# Orange laser cories



## coralbandit (Jul 29, 2012)

My LFS just got in "orange laser cories".They are very attractive fish,and wonder if they are as rare as I have read?
Also curious if they could be housed in the 180G with my clown loaches!!?
Any info or opinions are appreciated.


----------



## z1200 (Jan 26, 2012)

I've seen them for sale on another forum. If I remember correctly the seller was breeding them and they weren't too expensive.


----------



## susankat (Nov 15, 2008)

I've seen them for sale on aquabid and other places. Not real rare but sometimes hard to find.

They should be fine with the loaches.


----------



## SueD (Aug 4, 2012)

I've also seen these from time to time at my LFS. They look like they will really show well in a tank. Nice bright coloring


----------



## jrman83 (Jul 9, 2010)

One of the better species of Corys that I have owned. All Corys are not alike and in my tanks there is a lot of competition for food once it hits the bottom and they have no problem bumping big Swordtails out of the way to get to the food.

They are rare because they are hard to find, but can be found online in quite a few places. If you do find them locally they are usually pretty expensive as far as Corys go. Think they sell them for $7.99 each here.


----------



## coralbandit (Jul 29, 2012)

Got 6 of these guys today(couldn't resist)!
With all the fish I have had in 30 + years I have never owned a cory before.These guys seemed pretty cool and less common than many.
Here'e a pic of them in a holder after I dripped them(like to give them a little heads up to where they are going after dripping).


----------



## SueD (Aug 4, 2012)

Looking good. I am very surprised to learn these are your first cories ever!
Good luck with them. Let's see how long it takes for cory fry to appear in your tank.


----------



## jrman83 (Jul 9, 2010)

Cool. Corys are a neat fish. Depending on what type of fish you have in the tank with them, it can be a challenge to making sure they get adequate food. I have them in two tanks and one I can get sinking pellets to them and the other I can't. Not without being taken away from them. You can flood the tank with pellets but I didn't like that. They will eat flake food just fine as long as it gets to the bottom. I never dispense flake to the top of the water and if you get a pretty good pinch, put your arm in the water where your hand is just a few inches above the bottom and then release the flake they will get plenty - usually.

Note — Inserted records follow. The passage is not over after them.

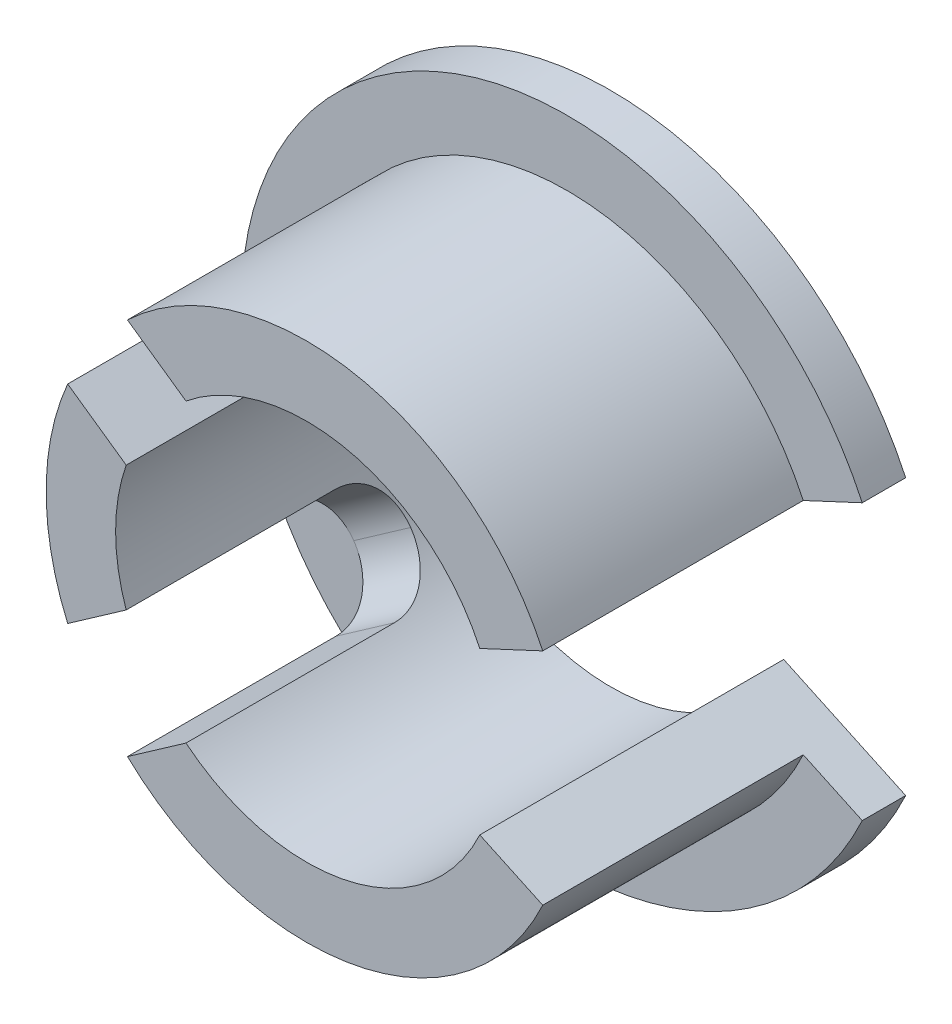
ISO-10303-21;
HEADER;
FILE_DESCRIPTION(('STEP AP214'),'2;1');
FILE_NAME('part.step','',(''),(''),'','','');
FILE_SCHEMA(('AUTOMOTIVE_DESIGN { 1 0 10303 214 1 1 1 1 }'));
ENDSEC;
DATA;
#1=APPLICATION_CONTEXT('core data for automotive mechanical design processes');
#2=APPLICATION_PROTOCOL_DEFINITION('international standard','automotive_design',2000,#1);
#3=PRODUCT_CONTEXT('',#1,'mechanical');
#4=PRODUCT('Part','Part','',(#3));
#5=PRODUCT_RELATED_PRODUCT_CATEGORY('part','',(#4));
#6=PRODUCT_DEFINITION_FORMATION('','',#4);
#7=PRODUCT_DEFINITION_CONTEXT('part definition',#1,'design');
#8=PRODUCT_DEFINITION('design','',#6,#7);
#9=PRODUCT_DEFINITION_SHAPE('','',#8);
#10=(LENGTH_UNIT() NAMED_UNIT(*) SI_UNIT(.MILLI.,.METRE.));
#11=(NAMED_UNIT(*) PLANE_ANGLE_UNIT() SI_UNIT($,.RADIAN.));
#12=(NAMED_UNIT(*) SI_UNIT($,.STERADIAN.) SOLID_ANGLE_UNIT());
#13=UNCERTAINTY_MEASURE_WITH_UNIT(LENGTH_MEASURE(1.E-05),#10,'distance_accuracy_value','');
#14=(GEOMETRIC_REPRESENTATION_CONTEXT(3) GLOBAL_UNCERTAINTY_ASSIGNED_CONTEXT((#13)) GLOBAL_UNIT_ASSIGNED_CONTEXT((#10,
#11,#12)) REPRESENTATION_CONTEXT('',''));
#15=CARTESIAN_POINT('',(0.,0.,0.));
#16=DIRECTION('',(0.,0.,1.));
#17=DIRECTION('',(1.,0.,0.));
#18=AXIS2_PLACEMENT_3D('',#15,#16,#17);
#19=CARTESIAN_POINT('',(0.,0.,6.));
#20=DIRECTION('',(0.,0.,-1.));
#21=DIRECTION('',(-1.,0.,0.));
#22=AXIS2_PLACEMENT_3D('',#19,#20,#21);
#23=CYLINDRICAL_SURFACE('',#22,6.);
#24=DIRECTION('',(0.,0.,-1.));
#25=VECTOR('',#24,1.);
#26=CARTESIAN_POINT('',(-4.12731914901655,4.35490948725243,6.));
#27=LINE('',#26,#25);
#28=CARTESIAN_POINT('',(-4.12731914901656,4.35490948725243,6.));
#29=VERTEX_POINT('',#28);
#30=CARTESIAN_POINT('',(-4.12731914901655,4.35490948725243,1.2));
#31=VERTEX_POINT('',#30);
#32=EDGE_CURVE('E290',#29,#31,#27,.T.);
#33=ORIENTED_EDGE('',*,*,#32,.F.);
#34=CARTESIAN_POINT('',(0.,0.,6.));
#35=DIRECTION('',(0.,0.,1.));
#36=DIRECTION('',(1.,0.,0.));
#37=AXIS2_PLACEMENT_3D('',#34,#35,#36);
#38=CIRCLE('',#37,6.);
#39=CARTESIAN_POINT('',(5.4378467222199,2.53570957044419,6.));
#40=VERTEX_POINT('',#39);
#41=EDGE_CURVE('E323',#40,#29,#38,.T.);
#42=ORIENTED_EDGE('',*,*,#41,.F.);
#43=DIRECTION('',(0.,0.,-1.));
#44=VECTOR('',#43,1.);
#45=CARTESIAN_POINT('',(5.4378467222199,2.53570957044419,6.));
#46=LINE('',#45,#44);
#47=CARTESIAN_POINT('',(5.43784672221998,2.5357095704442,0.));
#48=VERTEX_POINT('',#47);
#49=EDGE_CURVE('E185',#40,#48,#46,.T.);
#50=ORIENTED_EDGE('',*,*,#49,.T.);
#51=CARTESIAN_POINT('',(0.,0.,0.));
#52=DIRECTION('',(0.,0.,1.));
#53=DIRECTION('',(1.,0.,0.));
#54=AXIS2_PLACEMENT_3D('',#51,#52,#53);
#55=CIRCLE('',#54,6.);
#56=CARTESIAN_POINT('',(-4.91491226573395,3.44145861810628,0.));
#57=VERTEX_POINT('',#56);
#58=EDGE_CURVE('E186',#48,#57,#55,.T.);
#59=ORIENTED_EDGE('',*,*,#58,.T.);
#60=CARTESIAN_POINT('',(-4.91491226573395,3.44145861810628,0.));
#61=CARTESIAN_POINT('',(-4.89575145032598,3.46882579019035,-1.59771084222315E-07));
#62=CARTESIAN_POINT('',(-4.87636861824559,3.49601758269154,0.00139600961325699));
#63=CARTESIAN_POINT('',(-4.83729433267939,3.54988562956387,0.00696337264434701));
#64=CARTESIAN_POINT('',(-4.81760291606424,3.57656194468808,0.0111342371933441));
#65=CARTESIAN_POINT('',(-4.75835835430503,3.65545188131099,0.0277558787015132));
#66=CARTESIAN_POINT('',(-4.71854021499501,3.70666143818073,0.0443159057384285));
#67=CARTESIAN_POINT('',(-4.63962162793902,3.80498331681775,0.0878881215790612));
#68=CARTESIAN_POINT('',(-4.60052128919286,3.8520950203103,0.114901884279739));
#69=CARTESIAN_POINT('',(-4.52440989272803,3.94121178417932,0.178592168364046));
#70=CARTESIAN_POINT('',(-4.48739907621217,3.98321625564837,0.215269802533157));
#71=CARTESIAN_POINT('',(-4.41644252202698,4.0617576610809,0.29776354323522));
#72=CARTESIAN_POINT('',(-4.38253882352298,4.09822305281015,0.343683880799866));
#73=CARTESIAN_POINT('',(-4.31967543669473,4.16443190637797,0.443144716802443));
#74=CARTESIAN_POINT('',(-4.29071674648372,4.19417401156235,0.496686749633547));
#75=CARTESIAN_POINT('',(-4.23877070885304,4.24666978285593,0.610475385188785));
#76=CARTESIAN_POINT('',(-4.215841701988,4.26935553373821,0.670779974596941));
#77=CARTESIAN_POINT('',(-4.17742223680119,4.30695605382336,0.795985141129957));
#78=CARTESIAN_POINT('',(-4.16192645327083,4.32187638687429,0.860882389680752));
#79=CARTESIAN_POINT('',(-4.14285537171515,4.34014556287068,0.971789197498264));
#80=CARTESIAN_POINT('',(-4.13704228704735,4.3456795559701,1.01707779734613));
#81=CARTESIAN_POINT('',(-4.12926990479884,4.3530607429089,1.10823688766553));
#82=CARTESIAN_POINT('',(-4.12730689641615,4.35491148678339,1.15410677490711));
#83=CARTESIAN_POINT('',(-4.12731914901655,4.35490948725243,1.2));
#84=B_SPLINE_CURVE_WITH_KNOTS('',3,(#60,#61,#62,#63,#64,#65,#66,#67,#68,#69,#70,#71,#72,#73,#74,
#75,#76,#77,#78,#79,#80,#81,#82,#83),.UNSPECIFIED.,.F.,.F.,(4,2,2,2,2,2,2,2,2,2,2,4),(0.,
0.100161626240136,0.200311374746478,0.400122720254603,0.599964160736359,0.799828622831668,
1.0020878512882,1.20438785613811,1.40857864720857,1.61262293541136,1.75031180360672,
1.88786789840738),.UNSPECIFIED.);
#85=EDGE_CURVE('E260',#57,#31,#84,.T.);
#86=ORIENTED_EDGE('',*,*,#85,.T.);
#87=EDGE_LOOP('',(#33,#42,#50,#59,#86));
#88=FACE_BOUND('',#87,.T.);
#89=ADVANCED_FACE('F38',(#88),#23,.T.);
#90=CARTESIAN_POINT('',(-5.50390259625907,2.38894458095885,6.));
#91=VERTEX_POINT('',#90);
#92=CARTESIAN_POINT('',(-5.50390259625914,-2.3889445809589,6.));
#93=VERTEX_POINT('',#92);
#94=EDGE_CURVE('E289',#91,#93,#38,.T.);
#95=ORIENTED_EDGE('',*,*,#94,.F.);
#96=DIRECTION('',(0.,0.,-1.));
#97=VECTOR('',#96,1.);
#98=CARTESIAN_POINT('',(-5.50390259625907,2.38894458095885,6.));
#99=LINE('',#98,#97);
#100=CARTESIAN_POINT('',(-5.50390259625907,2.38894458095885,1.2));
#101=VERTEX_POINT('',#100);
#102=EDGE_CURVE('E166',#91,#101,#99,.T.);
#103=ORIENTED_EDGE('',*,*,#102,.T.);
#104=CARTESIAN_POINT('',(-5.50390259625907,2.38894458095885,1.2));
#105=CARTESIAN_POINT('',(-5.50390129259065,2.38894345077499,1.16659870671718));
#106=CARTESIAN_POINT('',(-5.50333568249593,2.39025114416916,1.13321375465329));
#107=CARTESIAN_POINT('',(-5.50107139173821,2.39545935136833,1.06668951971157));
#108=CARTESIAN_POINT('',(-5.49937285136066,2.39935954415608,1.03355020693102));
#109=CARTESIAN_POINT('',(-5.49258213134487,2.41488654343475,0.93497014502562));
#110=CARTESIAN_POINT('',(-5.48579487721516,2.43034003994238,0.870200379803861));
#111=CARTESIAN_POINT('',(-5.46768118655352,2.47081922280248,0.744429729103898));
#112=CARTESIAN_POINT('',(-5.45635417239523,2.4958461272301,0.683429324368956));
#113=CARTESIAN_POINT('',(-5.4291419956572,2.55449773971153,0.566803623035975));
#114=CARTESIAN_POINT('',(-5.41325623909368,2.58812356810454,0.51117902814529));
#115=CARTESIAN_POINT('',(-5.37671305831478,2.66321556690927,0.406129110511558));
#116=CARTESIAN_POINT('',(-5.35599833416981,2.70477470554033,0.356790206461739));
#117=CARTESIAN_POINT('',(-5.30999572208968,2.79400432190847,0.266456004446862));
#118=CARTESIAN_POINT('',(-5.28470697172865,2.84167595165242,0.225462283057131));
#119=CARTESIAN_POINT('',(-5.22954064099911,2.94197318512805,0.152643414537148));
#120=CARTESIAN_POINT('',(-5.19962395927408,2.99463936483645,0.120903746376848));
#121=CARTESIAN_POINT('',(-5.13581334917512,3.10279744700854,0.0680561743011082));
#122=CARTESIAN_POINT('',(-5.10192223172316,3.15828733686545,0.0469408115924753));
#123=CARTESIAN_POINT('',(-5.04243943833129,3.25204706793954,0.0210222271502228));
#124=CARTESIAN_POINT('',(-5.0177283325669,3.29005485945234,0.0131482208937326));
#125=CARTESIAN_POINT('',(-4.96713428585142,3.36595884608023,0.00263537222736853));
#126=CARTESIAN_POINT('',(-4.94125252595846,3.40385511432645,-8.63126073076088E-06));
#127=CARTESIAN_POINT('',(-4.91491226573395,3.44145861810628,0.));
#128=B_SPLINE_CURVE_WITH_KNOTS('',3,(#104,#105,#106,#107,#108,#109,#110,#111,#112,#113,#114,
#115,#116,#117,#118,#119,#120,#121,#122,#123,#124,#125,#126,#127),.UNSPECIFIED.,.F.,.F.,(4,2,2,
2,2,2,2,2,2,2,2,4),(0.,0.100141242952308,0.200270088185873,0.400033576783349,0.599822490800818,
0.799637448249877,1.00195631609977,1.20431337071424,1.40848431084597,1.6125117120772,
1.75025786626582,1.88786802166453),.UNSPECIFIED.);
#129=EDGE_CURVE('E11',#101,#57,#128,.T.);
#130=ORIENTED_EDGE('',*,*,#129,.T.);
#131=CARTESIAN_POINT('',(-4.91491226573395,-3.44145861810628,0.));
#132=VERTEX_POINT('',#131);
#133=EDGE_CURVE('E190',#57,#132,#55,.T.);
#134=ORIENTED_EDGE('',*,*,#133,.T.);
#135=CARTESIAN_POINT('',(-4.91491226573395,-3.44145861810628,0.));
#136=CARTESIAN_POINT('',(-4.93407561056105,-3.41409321714057,-1.59771084213976E-07));
#137=CARTESIAN_POINT('',(-4.95299821831417,-3.38657917209615,0.00139600961325702));
#138=CARTESIAN_POINT('',(-4.99025343170655,-3.33143739717516,0.0069633726443471));
#139=CARTESIAN_POINT('',(-5.00858610704553,-3.30380968116691,0.0111342371933442));
#140=CARTESIAN_POINT('',(-5.0624555648402,-3.22115605622935,0.0277558787015134));
#141=CARTESIAN_POINT('',(-5.09695820183063,-3.16622454456607,0.0443159057384286));
#142=CARTESIAN_POINT('',(-5.1623587991917,-3.05843726764323,0.0878881215790616));
#143=CARTESIAN_POINT('',(-5.19325621585426,-3.00558181627239,0.114901884279739));
#144=CARTESIAN_POINT('',(-5.25096695052268,-2.90358077030547,0.178592168364047));
#145=CARTESIAN_POINT('',(-5.2777797976328,-2.8544356037841,0.215269802533158));
#146=CARTESIAN_POINT('',(-5.32731600591159,-2.76089551067685,0.297763543235221));
#147=CARTESIAN_POINT('',(-5.34998651761203,-2.71656455686963,0.343683880799868));
#148=CARTESIAN_POINT('',(-5.39070194416746,-2.63484753456282,0.443144716802445));
#149=CARTESIAN_POINT('',(-5.40874592555937,-2.59746286798594,0.496686749633549));
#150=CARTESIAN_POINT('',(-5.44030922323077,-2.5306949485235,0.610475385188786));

You just have to watch to see that they get the food.


----------



## coralbandit (Jul 29, 2012)

If they breed ,I'm all in for that(surprise?).
I "pre wet" all my food in a cup with tank water so it doesn't just go down my overflows.Plenty should get to the bottom,they just got compete with the clown loaches and roselines.I'm pretty sure they'll be fine,but pay extra attention for now.


----------



## Sherry (Nov 22, 2011)

Very nice cory's. I have panda cory's and sterbia cory's. Panda's have bred but still waiting for the sterbia to breed. Which I would love. I would love to have a few of those orange lasers. I just started up 2 new 20g a couple of weeks ago. I have the room now. 
Beautiful...... )


----------



## coralbandit (Jul 29, 2012)

These guys are super active!They just don't stop swimming all over the place.I geuss if they sleep I can see why they are bottom dwellers,but with threads I've read about them swimming to surface and after watching these guys they are all over the place!They looked to be good size(1 1/2") at lfs,but in my tank tank with my giants they reall seem tiny.I'll be interested to how large they can get.My clown loachs look like jet airplanes pulling up next to them!


----------



## Sherry (Nov 22, 2011)

wild hyper active fish... I have 3 hyper active border collie dogs in the house. Yup I still want them. They will fit right into my zoo.......lol


----------



## Arthur7 (Feb 22, 2013)

coralbandit said:


> My LFS just got in "orange laser cories".They are very attractive fish,and wonder if they are as rare as I have read?
> Also curious if they could be housed in the 180G with my clown loaches!!?
> Any info or opinions are appreciated.


I would also like to look for these fish with us. I would have to know the exact name?


----------



## susankat (Nov 15, 2008)

Cories my one of my all time favorite fish.


----------



## coralbandit (Jul 29, 2012)

Arthur7 said:


> I would also like to look for these fish with us. I would have to know the exact name?


They can be found searching Corydoras CW010, or many feel it is a variant of C.aeneus or possibly C.melanataena.
I fin them very interesting(attractive) and certainly active,which would explain their great popularity.I could become a "cory guy" who knows?I love beautiful peaceful fish,and these guys certainly fit.


----------



## Arthur7 (Feb 22, 2013)

susankat said:


> Cories my one of my all time favorite fish.


A wonderful swarm of C. sterbai. There are enough for them to feel good. The pectoral fins are beautiful orange.


----------



## susankat (Nov 15, 2008)

Actually there is about 60 cories in that tank.


----------



## coralbandit (Jul 29, 2012)

susankat said:


> Actually there is about 60 cories in that tank.


I wish!
I have to say if on my next trip to LFS there are any of these guys left(think they had 4-6 more)I will probly get them.They seem very happy in the tank with the big guys and no one gives them any grief,so what the heck,why not!


----------



## susankat (Nov 15, 2008)

The more the merrier. I actually have over 125 cories counting all the cories in the other tanks. So much fun to watch.


----------



## coralbandit (Jul 29, 2012)

So a tragedy today!One of the cories swam into my return line from my pump and got stuck!I can't even believe it got into it (1/2 way) and got stuck and died.I have lock lines for returns;Amazon.com: Loc-Line 3/4 inch Ball Socket Flexible Tube 6 inch: Pet Supplies
Is this common behavior for cories?I really can't believe it went into it.I have never had or even thought a fish could/would do this!


----------



## Arthur7 (Feb 22, 2013)

Yes, that can happen. I also have seen a C.julii come into the suction cup. I'm very sorry.


----------